## Exercise brief:
In the entries that follow, how many lines contain the word "Websockets"? Answer with the number only.

[Input material — start]

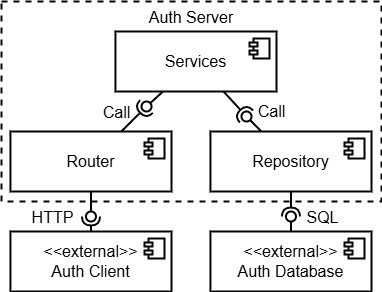

The diagram above was exported from draw.io. Its source (the exported page's mxGraphModel, read from the mxfile embedded in the PNG):
<mxGraphModel dx="160" dy="614" grid="1" gridSize="10" guides="1" tooltips="1" connect="1" arrows="1" fold="1" page="1" pageScale="1" pageWidth="850" pageHeight="1100" background="none" math="0" shadow="0">
  <root>
    <mxCell id="0" />
    <mxCell id="1" parent="0" />
    <mxCell id="hjYPfU6WCg4h8kNVvcB_-159" connectable="0" parent="1" style="group" value="" vertex="1">
      <mxGeometry height="60" width="170" x="1100" y="310" as="geometry" />
    </mxCell>
    <mxCell id="hjYPfU6WCg4h8kNVvcB_-160" parent="hjYPfU6WCg4h8kNVvcB_-159" style="html=1;dropTarget=0;whiteSpace=wrap;strokeWidth=2;fontSize=16;fontStyle=0" value="&lt;div&gt;&amp;lt;&amp;lt;external&amp;gt;&amp;gt;&lt;/div&gt;Auth Client" vertex="1">
      <mxGeometry height="60" width="161.05263157894734" x="8.94736842105263" as="geometry" />
    </mxCell>
    <mxCell id="hjYPfU6WCg4h8kNVvcB_-161" parent="hjYPfU6WCg4h8kNVvcB_-160" style="shape=module;jettyWidth=8;jettyHeight=4;strokeWidth=2;fontSize=16;fontStyle=0" value="" vertex="1">
      <mxGeometry height="20" relative="1" width="20" x="1" as="geometry">
        <mxPoint x="-27" y="7" as="offset" />
      </mxGeometry>
    </mxCell>
    <mxCell id="hjYPfU6WCg4h8kNVvcB_-162" connectable="0" parent="1" style="group" value="" vertex="1">
      <mxGeometry height="60" width="170" x="1300" y="310" as="geometry" />
    </mxCell>
    <mxCell id="hjYPfU6WCg4h8kNVvcB_-163" parent="hjYPfU6WCg4h8kNVvcB_-162" style="html=1;dropTarget=0;whiteSpace=wrap;strokeWidth=2;fontSize=16;fontStyle=0" value="&lt;div&gt;&amp;lt;&amp;lt;external&amp;gt;&amp;gt;&lt;/div&gt;Auth Database" vertex="1">
      <mxGeometry height="60" width="161.05263157894734" x="8.94736842105263" as="geometry" />
    </mxCell>
    <mxCell id="hjYPfU6WCg4h8kNVvcB_-164" parent="hjYPfU6WCg4h8kNVvcB_-163" style="shape=module;jettyWidth=8;jettyHeight=4;strokeWidth=2;fontSize=16;fontStyle=0" value="" vertex="1">
      <mxGeometry height="20" relative="1" width="20" x="1" as="geometry">
        <mxPoint x="-27" y="7" as="offset" />
      </mxGeometry>
    </mxCell>
    <mxCell id="hjYPfU6WCg4h8kNVvcB_-170" edge="1" parent="1" source="hjYPfU6WCg4h8kNVvcB_-160" style="rounded=0;orthogonalLoop=1;jettySize=auto;html=1;endArrow=halfCircle;endFill=0;endSize=6;strokeWidth=2;sketch=0;" target="hjYPfU6WCg4h8kNVvcB_-172" value="">
      <mxGeometry relative="1" as="geometry">
        <Array as="points" />
        <mxPoint x="1200" y="305" as="sourcePoint" />
      </mxGeometry>
    </mxCell>
    <mxCell id="hjYPfU6WCg4h8kNVvcB_-176" edge="1" parent="1" source="hjYPfU6WCg4h8kNVvcB_-163" style="rounded=0;orthogonalLoop=1;jettySize=auto;html=1;endArrow=oval;endFill=0;sketch=0;sourcePerimeterSpacing=0;targetPerimeterSpacing=0;endSize=10;strokeWidth=2;" target="hjYPfU6WCg4h8kNVvcB_-177" value="">
      <mxGeometry relative="1" as="geometry">
        <mxPoint x="1365" y="295" as="sourcePoint" />
      </mxGeometry>
    </mxCell>
    <mxCell id="hjYPfU6WCg4h8kNVvcB_-189" connectable="0" parent="1" style="group" value="" vertex="1">
      <mxGeometry height="220" width="380" x="1100" y="80" as="geometry" />
    </mxCell>
    <mxCell id="hjYPfU6WCg4h8kNVvcB_-149" parent="hjYPfU6WCg4h8kNVvcB_-189" style="html=1;whiteSpace=wrap;strokeWidth=2;dashed=1;align=center;labelPosition=center;verticalLabelPosition=middle;verticalAlign=top;" value="&lt;font style=&quot;font-size: 16px;&quot;&gt;Auth Server&lt;/font&gt;" vertex="1">
      <mxGeometry height="200" width="380" as="geometry" />
    </mxCell>
    <mxCell id="hjYPfU6WCg4h8kNVvcB_-150" connectable="0" parent="hjYPfU6WCg4h8kNVvcB_-189" style="group" value="" vertex="1">
      <mxGeometry height="60" width="170" y="130" as="geometry" />
    </mxCell>
    <mxCell id="hjYPfU6WCg4h8kNVvcB_-151" parent="hjYPfU6WCg4h8kNVvcB_-150" style="html=1;dropTarget=0;whiteSpace=wrap;strokeWidth=2;fontSize=16;fontStyle=0" value="&lt;div&gt;Router&lt;/div&gt;" vertex="1">
      <mxGeometry height="60" width="161.05263157894734" x="8.94736842105263" as="geometry" />
    </mxCell>
    <mxCell id="hjYPfU6WCg4h8kNVvcB_-152" parent="hjYPfU6WCg4h8kNVvcB_-151" style="shape=module;jettyWidth=8;jettyHeight=4;strokeWidth=2;fontSize=16;fontStyle=0" value="" vertex="1">
      <mxGeometry height="20" relative="1" width="20" x="1" as="geometry">
        <mxPoint x="-27" y="7" as="offset" />
      </mxGeometry>
    </mxCell>
    <mxCell id="hjYPfU6WCg4h8kNVvcB_-153" connectable="0" parent="hjYPfU6WCg4h8kNVvcB_-189" style="group" value="" vertex="1">
      <mxGeometry height="60" width="170" x="200" y="130" as="geometry" />
    </mxCell>
    <mxCell id="hjYPfU6WCg4h8kNVvcB_-154" parent="hjYPfU6WCg4h8kNVvcB_-153" style="html=1;dropTarget=0;whiteSpace=wrap;strokeWidth=2;fontSize=16;fontStyle=0" value="&lt;div&gt;Repository&lt;/div&gt;" vertex="1">
      <mxGeometry height="60" width="161.05263157894734" x="8.94736842105263" as="geometry" />
    </mxCell>
    <mxCell id="hjYPfU6WCg4h8kNVvcB_-155" parent="hjYPfU6WCg4h8kNVvcB_-154" style="shape=module;jettyWidth=8;jettyHeight=4;strokeWidth=2;fontSize=16;fontStyle=0" value="" vertex="1">
      <mxGeometry height="20" relative="1" width="20" x="1" as="geometry">
        <mxPoint x="-27" y="7" as="offset" />
      </mxGeometry>
    </mxCell>
    <mxCell id="hjYPfU6WCg4h8kNVvcB_-156" connectable="0" parent="hjYPfU6WCg4h8kNVvcB_-189" style="group" value="" vertex="1">
      <mxGeometry height="60" width="170" x="105" y="30" as="geometry" />
    </mxCell>
    <mxCell id="hjYPfU6WCg4h8kNVvcB_-157" parent="hjYPfU6WCg4h8kNVvcB_-156" style="html=1;dropTarget=0;whiteSpace=wrap;strokeWidth=2;fontSize=16;fontStyle=0" value="&lt;div&gt;Services&lt;/div&gt;" vertex="1">
      <mxGeometry height="60" width="161.05263157894734" x="8.94736842105263" as="geometry" />
    </mxCell>
    <mxCell id="hjYPfU6WCg4h8kNVvcB_-158" parent="hjYPfU6WCg4h8kNVvcB_-157" style="shape=module;jettyWidth=8;jettyHeight=4;strokeWidth=2;fontSize=16;fontStyle=0" value="" vertex="1">
      <mxGeometry height="20" relative="1" width="20" x="1" as="geometry">
        <mxPoint x="-27" y="7" as="offset" />
      </mxGeometry>
    </mxCell>
    <mxCell id="hjYPfU6WCg4h8kNVvcB_-171" edge="1" parent="hjYPfU6WCg4h8kNVvcB_-189" source="hjYPfU6WCg4h8kNVvcB_-151" style="rounded=0;orthogonalLoop=1;jettySize=auto;html=1;endArrow=oval;endFill=0;sketch=0;sourcePerimeterSpacing=0;targetPerimeterSpacing=0;endSize=10;strokeWidth=2;" target="hjYPfU6WCg4h8kNVvcB_-172" value="">
      <mxGeometry relative="1" as="geometry">
        <mxPoint x="60" y="225" as="sourcePoint" />
      </mxGeometry>
    </mxCell>
    <mxCell id="hjYPfU6WCg4h8kNVvcB_-185" connectable="0" parent="hjYPfU6WCg4h8kNVvcB_-171" style="edgeLabel;html=1;align=center;verticalAlign=middle;resizable=0;points=[];" value="&lt;font style=&quot;font-size: 16px;&quot;&gt;HTTP&lt;/font&gt;" vertex="1">
      <mxGeometry relative="1" x="0.52" as="geometry">
        <mxPoint x="-39" y="6" as="offset" />
      </mxGeometry>
    </mxCell>
    <mxCell id="hjYPfU6WCg4h8kNVvcB_-172" parent="hjYPfU6WCg4h8kNVvcB_-189" style="ellipse;whiteSpace=wrap;html=1;align=center;aspect=fixed;fillColor=none;strokeColor=none;resizable=0;perimeter=centerPerimeter;rotatable=0;allowArrows=0;points=[];outlineConnect=1;strokeWidth=2;" value="" vertex="1">
      <mxGeometry height="10" width="10" x="84.47000000000003" y="210" as="geometry" />
    </mxCell>
    <mxCell id="hjYPfU6WCg4h8kNVvcB_-175" edge="1" parent="hjYPfU6WCg4h8kNVvcB_-189" source="hjYPfU6WCg4h8kNVvcB_-154" style="rounded=0;orthogonalLoop=1;jettySize=auto;html=1;endArrow=halfCircle;endFill=0;endSize=6;strokeWidth=2;sketch=0;" target="hjYPfU6WCg4h8kNVvcB_-177" value="">
      <mxGeometry relative="1" as="geometry">
        <mxPoint x="305" y="215" as="sourcePoint" />
      </mxGeometry>
    </mxCell>
    <mxCell id="hjYPfU6WCg4h8kNVvcB_-186" connectable="0" parent="hjYPfU6WCg4h8kNVvcB_-175" style="edgeLabel;html=1;align=center;verticalAlign=middle;resizable=0;points=[];" value="&lt;font style=&quot;font-size: 16px;&quot;&gt;SQL&lt;/font&gt;" vertex="1">
      <mxGeometry relative="1" x="0.7567" y="9" as="geometry">
        <mxPoint x="22" y="3" as="offset" />
      </mxGeometry>
    </mxCell>
    <mxCell id="hjYPfU6WCg4h8kNVvcB_-177" parent="hjYPfU6WCg4h8kNVvcB_-189" style="ellipse;whiteSpace=wrap;html=1;align=center;aspect=fixed;fillColor=none;strokeColor=none;resizable=0;perimeter=centerPerimeter;rotatable=0;allowArrows=0;points=[];outlineConnect=1;strokeWidth=2;" value="" vertex="1">
      <mxGeometry height="10" width="10" x="284.47" y="210" as="geometry" />
    </mxCell>
    <mxCell id="hjYPfU6WCg4h8kNVvcB_-178" edge="1" parent="hjYPfU6WCg4h8kNVvcB_-189" source="hjYPfU6WCg4h8kNVvcB_-151" style="rounded=0;orthogonalLoop=1;jettySize=auto;html=1;endArrow=halfCircle;endFill=0;endSize=6;strokeWidth=2;sketch=0;" target="hjYPfU6WCg4h8kNVvcB_-180" value="">
      <mxGeometry relative="1" as="geometry">
        <mxPoint x="84.47000000000003" y="100" as="sourcePoint" />
      </mxGeometry>
    </mxCell>
    <mxCell id="hjYPfU6WCg4h8kNVvcB_-187" connectable="0" parent="hjYPfU6WCg4h8kNVvcB_-178" style="edgeLabel;html=1;align=center;verticalAlign=middle;resizable=0;points=[];" value="&lt;font style=&quot;font-size: 16px;&quot;&gt;Call&lt;/font&gt;" vertex="1">
      <mxGeometry relative="1" x="0.3752" y="1" as="geometry">
        <mxPoint x="-22" y="-2" as="offset" />
      </mxGeometry>
    </mxCell>
    <mxCell id="hjYPfU6WCg4h8kNVvcB_-179" edge="1" parent="hjYPfU6WCg4h8kNVvcB_-189" source="hjYPfU6WCg4h8kNVvcB_-157" style="rounded=0;orthogonalLoop=1;jettySize=auto;html=1;endArrow=oval;endFill=0;sketch=0;sourcePerimeterSpacing=0;targetPerimeterSpacing=0;endSize=10;strokeWidth=2;" target="hjYPfU6WCg4h8kNVvcB_-180" value="">
      <mxGeometry relative="1" as="geometry">
        <mxPoint x="44.47000000000003" y="100" as="sourcePoint" />
      </mxGeometry>
    </mxCell>
    <mxCell id="hjYPfU6WCg4h8kNVvcB_-180" parent="hjYPfU6WCg4h8kNVvcB_-189" style="ellipse;whiteSpace=wrap;html=1;align=center;aspect=fixed;fillColor=none;strokeColor=none;resizable=0;perimeter=centerPerimeter;rotatable=0;allowArrows=0;points=[];outlineConnect=1;strokeWidth=2;" value="" vertex="1">
      <mxGeometry height="10" width="10" x="140" y="100" as="geometry" />
    </mxCell>
    <mxCell id="hjYPfU6WCg4h8kNVvcB_-181" edge="1" parent="hjYPfU6WCg4h8kNVvcB_-189" source="hjYPfU6WCg4h8kNVvcB_-157" style="rounded=0;orthogonalLoop=1;jettySize=auto;html=1;endArrow=halfCircle;endFill=0;endSize=6;strokeWidth=2;sketch=0;" target="hjYPfU6WCg4h8kNVvcB_-183" value="">
      <mxGeometry relative="1" as="geometry">
        <mxPoint x="270" y="115" as="sourcePoint" />
      </mxGeometry>
    </mxCell>
    <mxCell id="hjYPfU6WCg4h8kNVvcB_-182" edge="1" parent="hjYPfU6WCg4h8kNVvcB_-189" source="hjYPfU6WCg4h8kNVvcB_-154" style="rounded=0;orthogonalLoop=1;jettySize=auto;html=1;endArrow=oval;endFill=0;sketch=0;sourcePerimeterSpacing=0;targetPerimeterSpacing=0;endSize=10;strokeWidth=2;" target="hjYPfU6WCg4h8kNVvcB_-183" value="">
      <mxGeometry relative="1" as="geometry">
        <mxPoint x="230" y="115" as="sourcePoint" />
      </mxGeometry>
    </mxCell>
    <mxCell id="hjYPfU6WCg4h8kNVvcB_-188" connectable="0" parent="hjYPfU6WCg4h8kNVvcB_-182" style="edgeLabel;html=1;align=center;verticalAlign=middle;resizable=0;points=[];" value="&lt;font style=&quot;font-size: 16px;&quot;&gt;Call&lt;/font&gt;" vertex="1">
      <mxGeometry relative="1" x="1" y="-7" as="geometry">
        <mxPoint x="20" as="offset" />
      </mxGeometry>
    </mxCell>
    <mxCell id="hjYPfU6WCg4h8kNVvcB_-183" parent="hjYPfU6WCg4h8kNVvcB_-189" style="ellipse;whiteSpace=wrap;html=1;align=center;aspect=fixed;fillColor=none;strokeColor=none;resizable=0;perimeter=centerPerimeter;rotatable=0;allowArrows=0;points=[];outlineConnect=1;strokeWidth=2;" value="" vertex="1">
      <mxGeometry height="10" width="10" x="240" y="110" as="geometry" />
    </mxCell>
  </root>
</mxGraphModel>
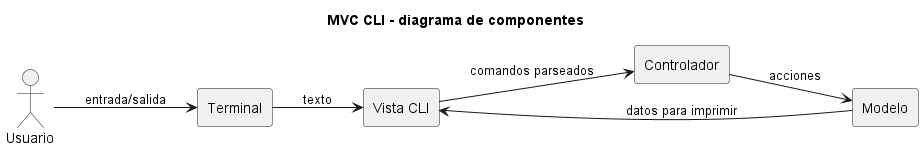

The diagram above was rendered by PlantUML. Its source (embedded in the PNG):
@startuml
title MVC CLI - diagrama de componentes
left to right direction
skinparam componentStyle rectangle

actor Usuario
component "Terminal" as Terminal
component "Vista CLI" as View
component "Controlador" as Controller
component "Modelo" as Model

Usuario --> Terminal : entrada/salida
Terminal --> View : texto
View --> Controller : comandos parseados
Controller --> Model : acciones
Model --> View : datos para imprimir
@enduml
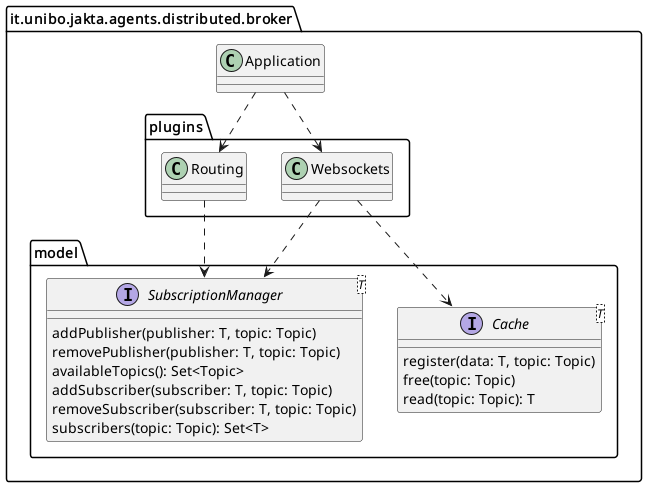

The diagram above was rendered by PlantUML. Its source (embedded in the PNG):
@startuml

package it.unibo.jakta.agents.distributed.broker {
    package model {
        interface Cache<T> {
            register(data: T, topic: Topic)
            free(topic: Topic)
            read(topic: Topic): T
        }
        interface SubscriptionManager<T> {
            addPublisher(publisher: T, topic: Topic)
            removePublisher(publisher: T, topic: Topic)
            availableTopics(): Set<Topic>
            addSubscriber(subscriber: T, topic: Topic)
            removeSubscriber(subscriber: T, topic: Topic)
            subscribers(topic: Topic): Set<T>
        }
    }

    package plugins {
        class Routing
        class Websockets
    }

    class Application
}

Application ..> Websockets
Application ..> Routing
Routing ..> SubscriptionManager
Websockets ..> SubscriptionManager
Websockets ..> Cache

@enduml

[Input material — finish]

## Written answer:
4